Si lees este texto, eres uno de esos científicos. Al ver que contenía datos binarios, habrás descodificado la señal y la habrás abierto como fichero de texto plano. Ahora mismo estás leyendo ese texto, sorprendido, dudando de si será una broma y preguntándote por mis motivos.
No es una broma. Todo lo que he contado en esta carta es real. Igual que es real mi renuncia. De hecho, mi hallazgo, la gruta a la que me he asomado, contiene el peligro más serio que puede concebir la humanidad: liberar una fuerza capaz de destruirnos antes siquiera de que podamos comprenderla.
Crecí en una cultura que aprendió a respetar los fenómenos que no puede controlar. Mi país ha convivido con terremotos y tsunamis desde el inicio de los tiempos. Hace milenios que entendimos nuestro papel ante esas fuerzas superiores a nosotros, también provenientes del interior de la tierra. Estudio y entendimiento, humildad y temor, distancia y contemplación.
Matsue, la ciudad de mi familia, está a dos horas de Hiroshima.

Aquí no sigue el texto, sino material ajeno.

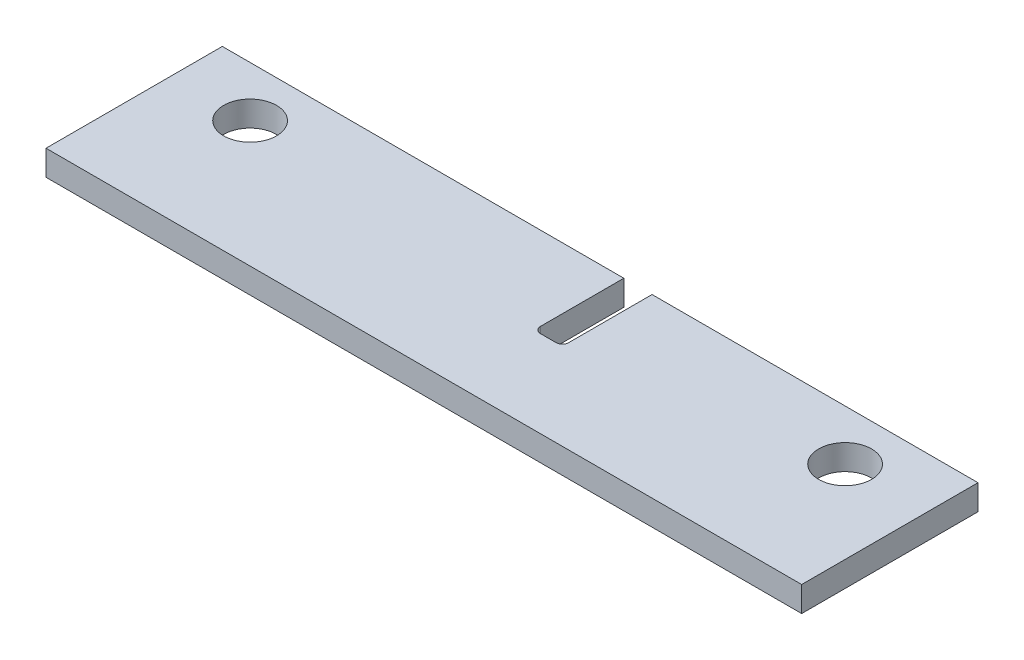
ISO-10303-21;
HEADER;
FILE_DESCRIPTION(('STEP AP214'),'2;1');
FILE_NAME('part.step','',(''),(''),'','','');
FILE_SCHEMA(('AUTOMOTIVE_DESIGN { 1 0 10303 214 1 1 1 1 }'));
ENDSEC;
DATA;
#1=APPLICATION_CONTEXT('core data for automotive mechanical design processes');
#2=APPLICATION_PROTOCOL_DEFINITION('international standard','automotive_design',2000,#1);
#3=PRODUCT_CONTEXT('',#1,'mechanical');
#4=PRODUCT('Part','Part','',(#3));
#5=PRODUCT_RELATED_PRODUCT_CATEGORY('part','',(#4));
#6=PRODUCT_DEFINITION_FORMATION('','',#4);
#7=PRODUCT_DEFINITION_CONTEXT('part definition',#1,'design');
#8=PRODUCT_DEFINITION('design','',#6,#7);
#9=PRODUCT_DEFINITION_SHAPE('','',#8);
#10=(LENGTH_UNIT() NAMED_UNIT(*) SI_UNIT(.MILLI.,.METRE.));
#11=(NAMED_UNIT(*) PLANE_ANGLE_UNIT() SI_UNIT($,.RADIAN.));
#12=(NAMED_UNIT(*) SI_UNIT($,.STERADIAN.) SOLID_ANGLE_UNIT());
#13=UNCERTAINTY_MEASURE_WITH_UNIT(LENGTH_MEASURE(1.E-05),#10,'distance_accuracy_value','');
#14=(GEOMETRIC_REPRESENTATION_CONTEXT(3) GLOBAL_UNCERTAINTY_ASSIGNED_CONTEXT((#13)) GLOBAL_UNIT_ASSIGNED_CONTEXT((#10,
#11,#12)) REPRESENTATION_CONTEXT('',''));
#15=CARTESIAN_POINT('',(0.,0.,0.));
#16=DIRECTION('',(0.,0.,1.));
#17=DIRECTION('',(1.,0.,0.));
#18=AXIS2_PLACEMENT_3D('',#15,#16,#17);
#19=CARTESIAN_POINT('',(0.,0.,249.6));
#20=DIRECTION('',(0.,0.,1.));
#21=DIRECTION('',(1.,0.,0.));
#22=AXIS2_PLACEMENT_3D('',#19,#20,#21);
#23=PLANE('',#22);
#24=DIRECTION('',(-1.,0.,0.));
#25=VECTOR('',#24,1.);
#26=CARTESIAN_POINT('',(2260.6,65.,249.6));
#27=LINE('',#26,#25);
#28=CARTESIAN_POINT('',(2463.038,65.,249.6));
#29=VERTEX_POINT('',#28);
#30=CARTESIAN_POINT('',(2260.6,65.,249.6));
#31=VERTEX_POINT('',#30);
#32=EDGE_CURVE('E117',#29,#31,#27,.T.);
#33=ORIENTED_EDGE('',*,*,#32,.F.);
#34=DIRECTION('',(0.,1.,0.));
#35=VECTOR('',#34,1.);
#36=CARTESIAN_POINT('',(2463.038,52.3,249.6));
#37=LINE('',#36,#35);
#38=CARTESIAN_POINT('',(2463.038,52.3,249.6));
#39=VERTEX_POINT('',#38);
#40=EDGE_CURVE('E171',#39,#29,#37,.T.);
#41=ORIENTED_EDGE('',*,*,#40,.F.);
#42=DIRECTION('',(1.,0.,0.));
#43=VECTOR('',#42,1.);
#44=CARTESIAN_POINT('',(2260.6,52.3,249.6));
#45=LINE('',#44,#43);
#46=CARTESIAN_POINT('',(2260.6,52.3,249.6));
#47=VERTEX_POINT('',#46);
#48=EDGE_CURVE('E140',#47,#39,#45,.T.);
#49=ORIENTED_EDGE('',*,*,#48,.F.);
#50=DIRECTION('',(0.,-1.,0.));
#51=VECTOR('',#50,1.);
#52=CARTESIAN_POINT('',(2260.6,65.,249.6));
#53=LINE('',#52,#51);
#54=EDGE_CURVE('E134',#31,#47,#53,.T.);
#55=ORIENTED_EDGE('',*,*,#54,.F.);
#56=EDGE_LOOP('',(#33,#41,#49,#55));
#57=FACE_BOUND('',#56,.T.);
#58=ADVANCED_FACE('F43',(#57),#23,.F.);
#59=CARTESIAN_POINT('',(2260.6,65.,249.6));
#60=DIRECTION('',(-1.,0.,0.));
#61=DIRECTION('',(0.,0.,1.));
#62=AXIS2_PLACEMENT_3D('',#59,#60,#61);
#63=PLANE('',#62);
#64=DIRECTION('',(0.,0.,1.));
#65=VECTOR('',#64,1.);
#66=CARTESIAN_POINT('',(2260.6,52.3,249.6));
#67=LINE('',#66,#65);
#68=CARTESIAN_POINT('',(2260.6,52.3,338.5));
#69=VERTEX_POINT('',#68);
#70=EDGE_CURVE('E142',#47,#69,#67,.T.);
#71=ORIENTED_EDGE('',*,*,#70,.T.);
#72=DIRECTION('',(0.,-1.,0.));
#73=VECTOR('',#72,1.);
#74=CARTESIAN_POINT('',(2260.6,65.,338.5));
#75=LINE('',#74,#73);
#76=CARTESIAN_POINT('',(2260.6,65.,338.5));
#77=VERTEX_POINT('',#76);
#78=EDGE_CURVE('E136',#77,#69,#75,.T.);
#79=ORIENTED_EDGE('',*,*,#78,.F.);
#80=DIRECTION('',(0.,0.,1.));
#81=VECTOR('',#80,1.);
#82=CARTESIAN_POINT('',(2260.6,65.,249.6));
#83=LINE('',#82,#81);
#84=EDGE_CURVE('E121',#31,#77,#83,.T.);
#85=ORIENTED_EDGE('',*,*,#84,.F.);
#86=ORIENTED_EDGE('',*,*,#54,.T.);
#87=EDGE_LOOP('',(#71,#79,#85,#86));
#88=FACE_BOUND('',#87,.T.);
#89=ADVANCED_FACE('F133',(#88),#63,.T.);
#90=CARTESIAN_POINT('',(2260.6,65.,249.6));
#91=DIRECTION('',(0.,1.,0.));
#92=DIRECTION('',(0.,0.,1.));
#93=AXIS2_PLACEMENT_3D('',#90,#91,#92);
#94=PLANE('',#93);
#95=CARTESIAN_POINT('',(2599.99999999996,65.,275.));
#96=DIRECTION('',(0.,1.,0.));
#97=DIRECTION('',(0.,0.,1.));
#98=AXIS2_PLACEMENT_3D('',#95,#96,#97);
#99=CIRCLE('',#98,13.3349999999999);
#100=CARTESIAN_POINT('',(2599.99999999996,64.9999999999999,261.665));
#101=VERTEX_POINT('',#100);
#102=EDGE_CURVE('E141',#101,#101,#99,.F.);
#103=ORIENTED_EDGE('',*,*,#102,.T.);
#104=EDGE_LOOP('',(#103));
#105=FACE_BOUND('',#104,.T.);
#106=CARTESIAN_POINT('',(2299.99999999996,65.,275.));
#107=DIRECTION('',(0.,1.,0.));
#108=DIRECTION('',(0.,0.,1.));
#109=AXIS2_PLACEMENT_3D('',#106,#107,#108);
#110=CIRCLE('',#109,13.3349999999999);
#111=CARTESIAN_POINT('',(2299.99999999996,65.,261.665));
#112=VERTEX_POINT('',#111);
#113=EDGE_CURVE('E127',#112,#112,#110,.F.);
#114=ORIENTED_EDGE('',*,*,#113,.T.);
#115=EDGE_LOOP('',(#114));
#116=FACE_BOUND('',#115,.T.);
#117=DIRECTION('',(0.,0.,1.));
#118=VECTOR('',#117,1.);
#119=CARTESIAN_POINT('',(2463.038,65.,249.6));
#120=LINE('',#119,#118);
#121=CARTESIAN_POINT('',(2463.038,65.,291.637));
#122=VERTEX_POINT('',#121);
#123=EDGE_CURVE('E123',#29,#122,#120,.T.);
#124=ORIENTED_EDGE('',*,*,#123,.F.);
#125=ORIENTED_EDGE('',*,*,#32,.T.);
#126=ORIENTED_EDGE('',*,*,#84,.T.);
#127=DIRECTION('',(-1.,0.,0.));
#128=VECTOR('',#127,1.);
#129=CARTESIAN_POINT('',(2260.6,65.,338.5));
#130=LINE('',#129,#128);
#131=CARTESIAN_POINT('',(2641.6,65.,338.5));
#132=VERTEX_POINT('',#131);
#133=EDGE_CURVE('E150',#132,#77,#130,.T.);
#134=ORIENTED_EDGE('',*,*,#133,.F.);
#135=DIRECTION('',(0.,0.,1.));
#136=VECTOR('',#135,1.);
#137=CARTESIAN_POINT('',(2641.6,65.,249.6));
#138=LINE('',#137,#136);
#139=CARTESIAN_POINT('',(2641.6,65.,249.6));
#140=VERTEX_POINT('',#139);
#141=EDGE_CURVE('E256',#140,#132,#138,.T.);
#142=ORIENTED_EDGE('',*,*,#141,.F.);
#143=CARTESIAN_POINT('',(2477.262,65.,249.6));
#144=VERTEX_POINT('',#143);
#145=EDGE_CURVE('E129',#140,#144,#27,.T.);
#146=ORIENTED_EDGE('',*,*,#145,.T.);
#147=DIRECTION('',(0.,0.,-1.));
#148=VECTOR('',#147,1.);
#149=CARTESIAN_POINT('',(2477.262,65.,249.6));
#150=LINE('',#149,#148);
#151=CARTESIAN_POINT('',(2477.262,65.,291.637));
#152=VERTEX_POINT('',#151);
#153=EDGE_CURVE('E173',#152,#144,#150,.T.);
#154=ORIENTED_EDGE('',*,*,#153,.F.);
#155=CARTESIAN_POINT('',(2474.087,65.,291.637));
#156=DIRECTION('',(0.,1.,0.));
#157=DIRECTION('',(0.,0.,1.));
#158=AXIS2_PLACEMENT_3D('',#155,#156,#157);
#159=CIRCLE('',#158,3.175);
#160=CARTESIAN_POINT('',(2474.087,65.,294.812));
#161=VERTEX_POINT('',#160);
#162=EDGE_CURVE('E196',#152,#161,#159,.F.);
#163=ORIENTED_EDGE('',*,*,#162,.T.);
#164=DIRECTION('',(1.,0.,0.));
#165=VECTOR('',#164,1.);
#166=CARTESIAN_POINT('',(2260.6,65.,294.812));
#167=LINE('',#166,#165);
#168=CARTESIAN_POINT('',(2466.213,65.,294.812));
#169=VERTEX_POINT('',#168);
#170=EDGE_CURVE('E184',#169,#161,#167,.T.);
#171=ORIENTED_EDGE('',*,*,#170,.F.);
#172=CARTESIAN_POINT('',(2466.213,65.,291.637));
#173=DIRECTION('',(0.,1.,0.));
#174=DIRECTION('',(0.,0.,1.));
#175=AXIS2_PLACEMENT_3D('',#172,#173,#174);
#176=CIRCLE('',#175,3.175);
#177=EDGE_CURVE('E51',#169,#122,#176,.F.);
#178=ORIENTED_EDGE('',*,*,#177,.T.);
#179=EDGE_LOOP('',(#124,#125,#126,#134,#142,#146,#154,#163,#171,#178));
#180=FACE_BOUND('',#179,.T.);
#181=ADVANCED_FACE('F119',(#105,#116,#180),#94,.T.);
#182=CARTESIAN_POINT('',(2641.6,65.,249.6));
#183=DIRECTION('',(1.,0.,0.));
#184=DIRECTION('',(0.,0.,-1.));
#185=AXIS2_PLACEMENT_3D('',#182,#183,#184);
#186=PLANE('',#185);
#187=ORIENTED_EDGE('',*,*,#141,.T.);
#188=DIRECTION('',(0.,1.,0.));
#189=VECTOR('',#188,1.);
#190=CARTESIAN_POINT('',(2641.6,65.,338.5));
#191=LINE('',#190,#189);
#192=CARTESIAN_POINT('',(2641.6,52.3,338.5));
#193=VERTEX_POINT('',#192);
#194=EDGE_CURVE('E152',#193,#132,#191,.T.);
#195=ORIENTED_EDGE('',*,*,#194,.F.);
#196=DIRECTION('',(0.,0.,1.));
#197=VECTOR('',#196,1.);
#198=CARTESIAN_POINT('',(2641.6,52.3,249.6));
#199=LINE('',#198,#197);
#200=CARTESIAN_POINT('',(2641.6,52.3,249.6));
#201=VERTEX_POINT('',#200);
#202=EDGE_CURVE('E252',#201,#193,#199,.T.);
#203=ORIENTED_EDGE('',*,*,#202,.F.);
#204=DIRECTION('',(0.,1.,0.));
#205=VECTOR('',#204,1.);
#206=CARTESIAN_POINT('',(2641.6,65.,249.6));
#207=LINE('',#206,#205);
#208=EDGE_CURVE('E164',#201,#140,#207,.T.);
#209=ORIENTED_EDGE('',*,*,#208,.T.);
#210=EDGE_LOOP('',(#187,#195,#203,#209));
#211=FACE_BOUND('',#210,.T.);
#212=ADVANCED_FACE('F245',(#211),#186,.T.);
#213=CARTESIAN_POINT('',(2260.6,52.3,249.6));
#214=DIRECTION('',(0.,-1.,0.));
#215=DIRECTION('',(0.,0.,-1.));
#216=AXIS2_PLACEMENT_3D('',#213,#214,#215);
#217=PLANE('',#216);
#218=CARTESIAN_POINT('',(2599.99999999996,52.3,275.));
#219=DIRECTION('',(0.,-1.,0.));
#220=DIRECTION('',(0.,0.,-1.));
#221=AXIS2_PLACEMENT_3D('',#218,#219,#220);
#222=CIRCLE('',#221,13.3349999999999);
#223=CARTESIAN_POINT('',(2599.99999999996,52.3,261.665));
#224=VERTEX_POINT('',#223);
#225=EDGE_CURVE('E160',#224,#224,#222,.F.);
#226=ORIENTED_EDGE('',*,*,#225,.T.);
#227=EDGE_LOOP('',(#226));
#228=FACE_BOUND('',#227,.T.);
#229=CARTESIAN_POINT('',(2299.99999999996,52.3,275.));
#230=DIRECTION('',(0.,-1.,0.));
#231=DIRECTION('',(0.,0.,-1.));
#232=AXIS2_PLACEMENT_3D('',#229,#230,#231);
#233=CIRCLE('',#232,13.3349999999999);
#234=CARTESIAN_POINT('',(2299.99999999996,52.3,261.665));
#235=VERTEX_POINT('',#234);
#236=EDGE_CURVE('E163',#235,#235,#233,.F.);
#237=ORIENTED_EDGE('',*,*,#236,.T.);
#238=EDGE_LOOP('',(#237));
#239=FACE_BOUND('',#238,.T.);
#240=DIRECTION('',(0.,0.,1.));
#241=VECTOR('',#240,1.);
#242=CARTESIAN_POINT('',(2463.038,52.3,249.6));
#243=LINE('',#242,#241);
#244=CARTESIAN_POINT('',(2463.038,52.3,291.637));
#245=VERTEX_POINT('',#244);
#246=EDGE_CURVE('E169',#39,#245,#243,.T.);
#247=ORIENTED_EDGE('',*,*,#246,.T.);
#248=CARTESIAN_POINT('',(2466.213,52.3,291.637));
#249=DIRECTION('',(0.,-1.,0.));
#250=DIRECTION('',(0.,0.,-1.));
#251=AXIS2_PLACEMENT_3D('',#248,#249,#250);
#252=CIRCLE('',#251,3.175);
#253=CARTESIAN_POINT('',(2466.213,52.3,294.812));
#254=VERTEX_POINT('',#253);
#255=EDGE_CURVE('E12',#245,#254,#252,.F.);
#256=ORIENTED_EDGE('',*,*,#255,.T.);
#257=DIRECTION('',(1.,0.,0.));
#258=VECTOR('',#257,1.);
#259=CARTESIAN_POINT('',(2463.8,52.3,294.812));
#260=LINE('',#259,#258);
#261=CARTESIAN_POINT('',(2474.087,52.3,294.812));
#262=VERTEX_POINT('',#261);
#263=EDGE_CURVE('E175',#254,#262,#260,.T.);
#264=ORIENTED_EDGE('',*,*,#263,.T.);
#265=CARTESIAN_POINT('',(2474.087,52.3,291.637));
#266=DIRECTION('',(0.,-1.,0.));
#267=DIRECTION('',(0.,0.,-1.));
#268=AXIS2_PLACEMENT_3D('',#265,#266,#267);
#269=CIRCLE('',#268,3.175);
#270=CARTESIAN_POINT('',(2477.262,52.3,291.637));
#271=VERTEX_POINT('',#270);
#272=EDGE_CURVE('E198',#262,#271,#269,.F.);
#273=ORIENTED_EDGE('',*,*,#272,.T.);
#274=DIRECTION('',(0.,0.,-1.));
#275=VECTOR('',#274,1.);
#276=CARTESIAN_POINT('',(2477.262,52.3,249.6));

Allí mis abuelos conocieron la mayor fuerza destructora que ha contemplado la humanidad. Aquel fue un monstruo al que científicos como nosotros decidieron acercarse más de lo debido, sin saber cuándo parar.
He contemplado a otro monstruo, ¿debería acercarme a él? ¿Hasta dónde está justificada nuestra curiosidad?
¿Por qué a mí? ¿Por qué ahora? ¿Vendrán otros después de mí? Me asaltan incontables preguntas, pero me mantiene sereno una certeza: abracé la astronomía para contemplar y entender la belleza de la Creación, no para interferir en ella.
Estaré siempre agradecido a mi mentor y amigo, el Dr. Langdale, por haberme invitado a contemplar junto a él.
Mi camino termina aquí. Dejo el observatorio y la ciencia para no volver.
Esta carta te llega el domingo 25 de agosto de 2024, aunque para entonces aún no habrá sido escrita ni transmitida. Te preguntarás si, tras recibirla, la escribiré. Yo también me lo pregunto.